» **Assigned task**
Retype every entry below without pictures.

» **Listed entries**
**********
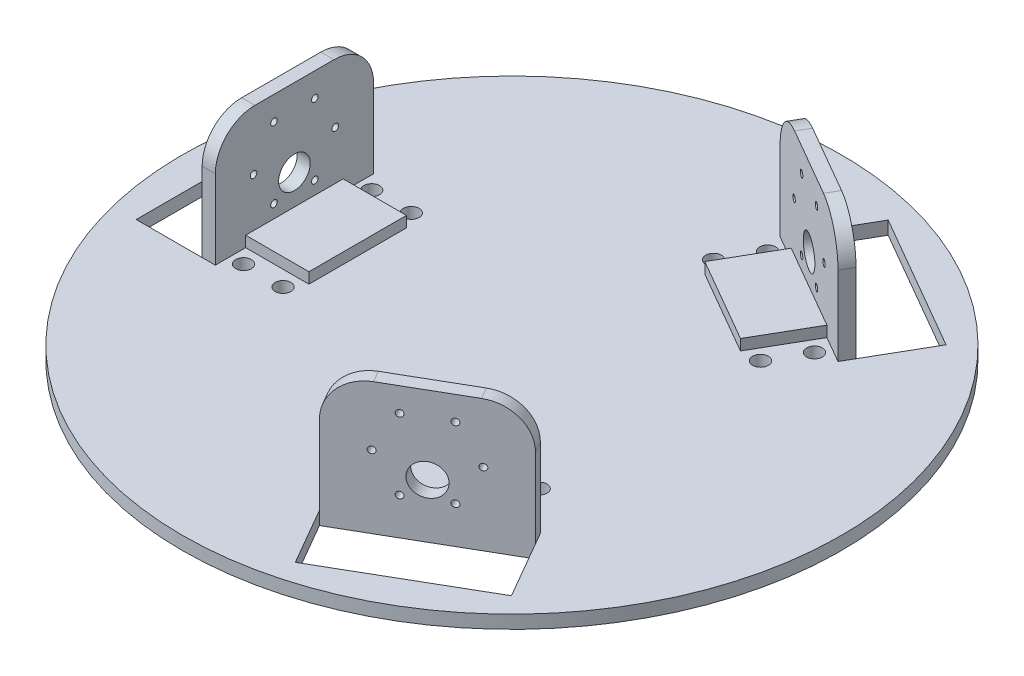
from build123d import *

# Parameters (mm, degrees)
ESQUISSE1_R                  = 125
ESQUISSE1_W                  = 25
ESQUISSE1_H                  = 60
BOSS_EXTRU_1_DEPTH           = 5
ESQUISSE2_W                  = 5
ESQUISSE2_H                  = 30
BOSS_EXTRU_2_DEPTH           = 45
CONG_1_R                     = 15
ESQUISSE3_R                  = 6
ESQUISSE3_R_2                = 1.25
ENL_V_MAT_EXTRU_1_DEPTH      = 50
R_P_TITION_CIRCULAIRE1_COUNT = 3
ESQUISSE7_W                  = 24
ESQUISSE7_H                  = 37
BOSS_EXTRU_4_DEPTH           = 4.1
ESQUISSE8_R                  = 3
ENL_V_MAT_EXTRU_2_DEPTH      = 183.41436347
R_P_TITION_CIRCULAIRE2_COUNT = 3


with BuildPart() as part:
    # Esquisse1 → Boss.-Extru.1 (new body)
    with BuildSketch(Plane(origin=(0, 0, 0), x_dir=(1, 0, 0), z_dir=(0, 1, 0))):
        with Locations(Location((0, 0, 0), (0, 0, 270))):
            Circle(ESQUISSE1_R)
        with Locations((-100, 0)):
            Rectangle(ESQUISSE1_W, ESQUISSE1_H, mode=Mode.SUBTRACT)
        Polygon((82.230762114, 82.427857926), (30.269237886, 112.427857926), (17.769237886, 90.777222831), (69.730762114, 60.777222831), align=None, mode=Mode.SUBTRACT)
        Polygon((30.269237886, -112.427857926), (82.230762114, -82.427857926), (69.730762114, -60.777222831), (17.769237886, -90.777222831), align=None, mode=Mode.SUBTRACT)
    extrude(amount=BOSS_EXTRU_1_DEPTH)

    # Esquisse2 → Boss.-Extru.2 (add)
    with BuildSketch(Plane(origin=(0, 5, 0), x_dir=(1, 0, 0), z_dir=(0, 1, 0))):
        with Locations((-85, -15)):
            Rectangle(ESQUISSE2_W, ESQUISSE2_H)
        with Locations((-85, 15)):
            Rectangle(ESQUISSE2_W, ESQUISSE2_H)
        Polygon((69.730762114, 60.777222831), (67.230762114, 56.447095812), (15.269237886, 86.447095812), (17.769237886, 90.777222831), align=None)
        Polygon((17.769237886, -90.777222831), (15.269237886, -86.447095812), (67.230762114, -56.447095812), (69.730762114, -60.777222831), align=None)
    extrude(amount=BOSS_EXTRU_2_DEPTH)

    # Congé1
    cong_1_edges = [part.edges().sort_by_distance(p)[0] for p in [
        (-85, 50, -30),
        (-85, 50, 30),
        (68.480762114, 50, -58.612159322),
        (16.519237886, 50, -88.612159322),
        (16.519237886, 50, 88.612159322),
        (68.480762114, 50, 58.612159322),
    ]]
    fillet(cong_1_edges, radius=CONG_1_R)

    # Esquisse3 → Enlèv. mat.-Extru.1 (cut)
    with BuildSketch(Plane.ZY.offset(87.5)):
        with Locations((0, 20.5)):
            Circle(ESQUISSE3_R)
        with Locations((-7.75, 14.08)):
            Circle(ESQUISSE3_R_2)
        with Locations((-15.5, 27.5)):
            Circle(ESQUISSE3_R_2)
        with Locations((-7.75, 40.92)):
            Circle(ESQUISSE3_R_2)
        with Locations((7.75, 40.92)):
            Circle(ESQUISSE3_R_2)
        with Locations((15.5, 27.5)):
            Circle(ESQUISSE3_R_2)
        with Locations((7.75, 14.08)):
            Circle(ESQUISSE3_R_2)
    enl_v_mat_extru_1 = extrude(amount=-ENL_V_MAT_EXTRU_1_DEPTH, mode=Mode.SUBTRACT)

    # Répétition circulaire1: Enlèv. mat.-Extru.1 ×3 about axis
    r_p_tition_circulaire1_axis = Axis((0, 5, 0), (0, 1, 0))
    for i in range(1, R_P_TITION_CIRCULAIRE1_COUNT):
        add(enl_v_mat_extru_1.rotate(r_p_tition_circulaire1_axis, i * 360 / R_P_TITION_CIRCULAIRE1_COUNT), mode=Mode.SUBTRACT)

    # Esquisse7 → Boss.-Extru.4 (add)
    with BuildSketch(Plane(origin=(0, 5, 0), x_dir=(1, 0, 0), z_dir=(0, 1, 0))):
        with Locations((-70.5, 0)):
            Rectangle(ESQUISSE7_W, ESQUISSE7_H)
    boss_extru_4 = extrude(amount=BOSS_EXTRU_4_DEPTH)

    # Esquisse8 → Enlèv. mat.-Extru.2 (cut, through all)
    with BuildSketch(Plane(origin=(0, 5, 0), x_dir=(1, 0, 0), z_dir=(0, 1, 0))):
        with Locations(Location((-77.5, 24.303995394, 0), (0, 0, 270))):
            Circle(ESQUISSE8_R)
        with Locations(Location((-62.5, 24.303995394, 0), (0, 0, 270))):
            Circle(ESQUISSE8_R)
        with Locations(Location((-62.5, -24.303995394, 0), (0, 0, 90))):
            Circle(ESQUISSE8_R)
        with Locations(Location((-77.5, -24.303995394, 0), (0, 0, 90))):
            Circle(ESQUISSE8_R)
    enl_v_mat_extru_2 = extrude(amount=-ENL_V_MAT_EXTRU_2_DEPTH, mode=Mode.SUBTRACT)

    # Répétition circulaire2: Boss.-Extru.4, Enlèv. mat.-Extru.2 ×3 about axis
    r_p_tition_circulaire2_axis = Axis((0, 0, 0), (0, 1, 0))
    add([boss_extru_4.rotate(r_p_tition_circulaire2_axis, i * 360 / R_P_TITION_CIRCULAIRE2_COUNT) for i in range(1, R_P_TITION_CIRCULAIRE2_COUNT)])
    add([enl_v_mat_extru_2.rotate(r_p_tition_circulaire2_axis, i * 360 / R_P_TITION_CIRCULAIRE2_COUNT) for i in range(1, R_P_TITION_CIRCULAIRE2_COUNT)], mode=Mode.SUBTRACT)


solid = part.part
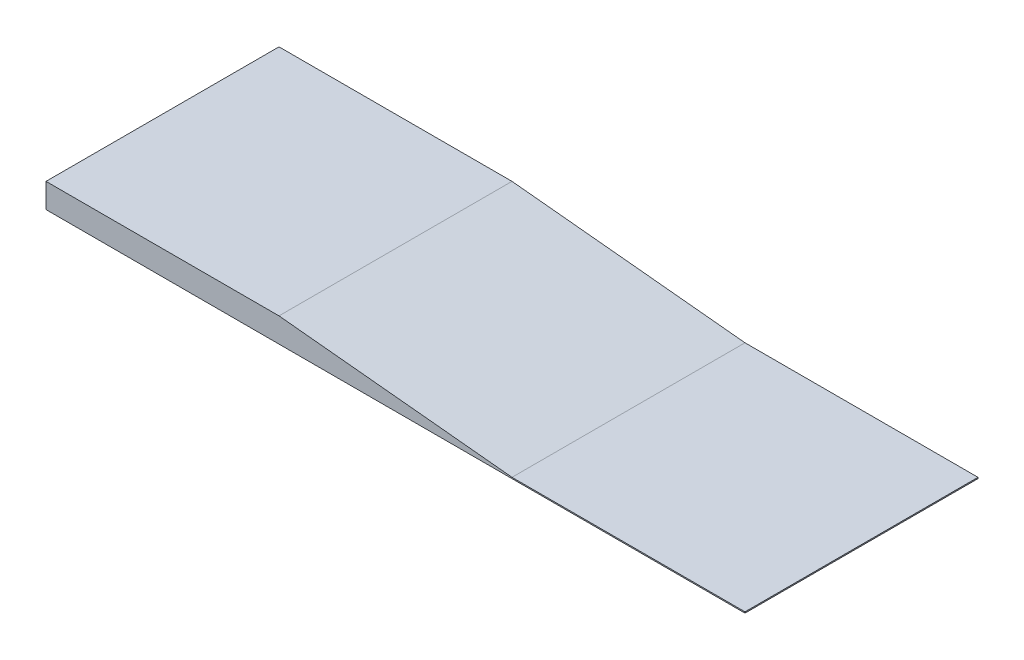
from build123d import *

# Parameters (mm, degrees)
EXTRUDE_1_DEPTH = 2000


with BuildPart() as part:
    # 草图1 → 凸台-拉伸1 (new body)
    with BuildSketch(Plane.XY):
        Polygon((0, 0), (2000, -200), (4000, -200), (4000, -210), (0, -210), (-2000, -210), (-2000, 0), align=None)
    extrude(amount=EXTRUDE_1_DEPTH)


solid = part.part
**********
» **Your response**
from build123d import *

# Parameters (mm, degrees)
ESQUISSE1_R                  = 125
ESQUISSE1_W                  = 25
ESQUISSE1_H                  = 60
BOSS_EXTRU_1_DEPTH           = 5
ESQUISSE2_W                  = 5
ESQUISSE2_H                  = 30
BOSS_EXTRU_2_DEPTH           = 45
CONG_1_R                     = 15
ESQUISSE3_R                  = 6
ESQUISSE3_R_2                = 1.25
ENL_V_MAT_EXTRU_1_DEPTH      = 50
R_P_TITION_CIRCULAIRE1_COUNT = 3
ESQUISSE7_W                  = 24
ESQUISSE7_H                  = 37
BOSS_EXTRU_4_DEPTH           = 4.1
ESQUISSE8_R                  = 3
ENL_V_MAT_EXTRU_2_DEPTH      = 183.41436347
R_P_TITION_CIRCULAIRE2_COUNT = 3


with BuildPart() as part:
    # Esquisse1 → Boss.-Extru.1 (new body)
    with BuildSketch(Plane(origin=(0, 0, 0), x_dir=(1, 0, 0), z_dir=(0, 1, 0))):
        with Locations(Location((0, 0, 0), (0, 0, 270))):
            Circle(ESQUISSE1_R)
        with Locations((-100, 0)):
            Rectangle(ESQUISSE1_W, ESQUISSE1_H, mode=Mode.SUBTRACT)
        Polygon((82.230762114, 82.427857926), (30.269237886, 112.427857926), (17.769237886, 90.777222831), (69.730762114, 60.777222831), align=None, mode=Mode.SUBTRACT)
        Polygon((30.269237886, -112.427857926), (82.230762114, -82.427857926), (69.730762114, -60.777222831), (17.769237886, -90.777222831), align=None, mode=Mode.SUBTRACT)
    extrude(amount=BOSS_EXTRU_1_DEPTH)

    # Esquisse2 → Boss.-Extru.2 (add)
    with BuildSketch(Plane(origin=(0, 5, 0), x_dir=(1, 0, 0), z_dir=(0, 1, 0))):
        with Locations((-85, -15)):
            Rectangle(ESQUISSE2_W, ESQUISSE2_H)
        with Locations((-85, 15)):
            Rectangle(ESQUISSE2_W, ESQUISSE2_H)
        Polygon((69.730762114, 60.777222831), (67.230762114, 56.447095812), (15.269237886, 86.447095812), (17.769237886, 90.777222831), align=None)
        Polygon((17.769237886, -90.777222831), (15.269237886, -86.447095812), (67.230762114, -56.447095812), (69.730762114, -60.777222831), align=None)
    extrude(amount=BOSS_EXTRU_2_DEPTH)

    # Congé1
    cong_1_edges = [part.edges().sort_by_distance(p)[0] for p in [
        (-85, 50, -30),
        (-85, 50, 30),
        (68.480762114, 50, -58.612159322),
        (16.519237886, 50, -88.612159322),
        (16.519237886, 50, 88.612159322),
        (68.480762114, 50, 58.612159322),
    ]]
    fillet(cong_1_edges, radius=CONG_1_R)

    # Esquisse3 → Enlèv. mat.-Extru.1 (cut)
    with BuildSketch(Plane.ZY.offset(87.5)):
        with Locations((0, 20.5)):
            Circle(ESQUISSE3_R)
        with Locations((-7.75, 14.08)):
            Circle(ESQUISSE3_R_2)
        with Locations((-15.5, 27.5)):
            Circle(ESQUISSE3_R_2)
        with Locations((-7.75, 40.92)):
            Circle(ESQUISSE3_R_2)
        with Locations((7.75, 40.92)):
            Circle(ESQUISSE3_R_2)
        with Locations((15.5, 27.5)):
            Circle(ESQUISSE3_R_2)
        with Locations((7.75, 14.08)):
            Circle(ESQUISSE3_R_2)
    enl_v_mat_extru_1 = extrude(amount=-ENL_V_MAT_EXTRU_1_DEPTH, mode=Mode.SUBTRACT)

    # Répétition circulaire1: Enlèv. mat.-Extru.1 ×3 about axis
    r_p_tition_circulaire1_axis = Axis((0, 5, 0), (0, 1, 0))
    for i in range(1, R_P_TITION_CIRCULAIRE1_COUNT):
        add(enl_v_mat_extru_1.rotate(r_p_tition_circulaire1_axis, i * 360 / R_P_TITION_CIRCULAIRE1_COUNT), mode=Mode.SUBTRACT)

    # Esquisse7 → Boss.-Extru.4 (add)
    with BuildSketch(Plane(origin=(0, 5, 0), x_dir=(1, 0, 0), z_dir=(0, 1, 0))):
        with Locations((-70.5, 0)):
            Rectangle(ESQUISSE7_W, ESQUISSE7_H)
    boss_extru_4 = extrude(amount=BOSS_EXTRU_4_DEPTH)

    # Esquisse8 → Enlèv. mat.-Extru.2 (cut, through all)
    with BuildSketch(Plane(origin=(0, 5, 0), x_dir=(1, 0, 0), z_dir=(0, 1, 0))):
        with Locations(Location((-77.5, 24.303995394, 0), (0, 0, 270))):
            Circle(ESQUISSE8_R)
        with Locations(Location((-62.5, 24.303995394, 0), (0, 0, 270))):
            Circle(ESQUISSE8_R)
        with Locations(Location((-62.5, -24.303995394, 0), (0, 0, 90))):
            Circle(ESQUISSE8_R)
        with Locations(Location((-77.5, -24.303995394, 0), (0, 0, 90))):
            Circle(ESQUISSE8_R)
    enl_v_mat_extru_2 = extrude(amount=-ENL_V_MAT_EXTRU_2_DEPTH, mode=Mode.SUBTRACT)

    # Répétition circulaire2: Boss.-Extru.4, Enlèv. mat.-Extru.2 ×3 about axis
    r_p_tition_circulaire2_axis = Axis((0, 0, 0), (0, 1, 0))
    add([boss_extru_4.rotate(r_p_tition_circulaire2_axis, i * 360 / R_P_TITION_CIRCULAIRE2_COUNT) for i in range(1, R_P_TITION_CIRCULAIRE2_COUNT)])
    add([enl_v_mat_extru_2.rotate(r_p_tition_circulaire2_axis, i * 360 / R_P_TITION_CIRCULAIRE2_COUNT) for i in range(1, R_P_TITION_CIRCULAIRE2_COUNT)], mode=Mode.SUBTRACT)


solid = part.part
from build123d import *

# Parameters (mm, degrees)
EXTRUDE_1_DEPTH = 2000


with BuildPart() as part:
    # 草图1 → 凸台-拉伸1 (new body)
    with BuildSketch(Plane.XY):
        Polygon((0, 0), (2000, -200), (4000, -200), (4000, -210), (0, -210), (-2000, -210), (-2000, 0), align=None)
    extrude(amount=EXTRUDE_1_DEPTH)


solid = part.part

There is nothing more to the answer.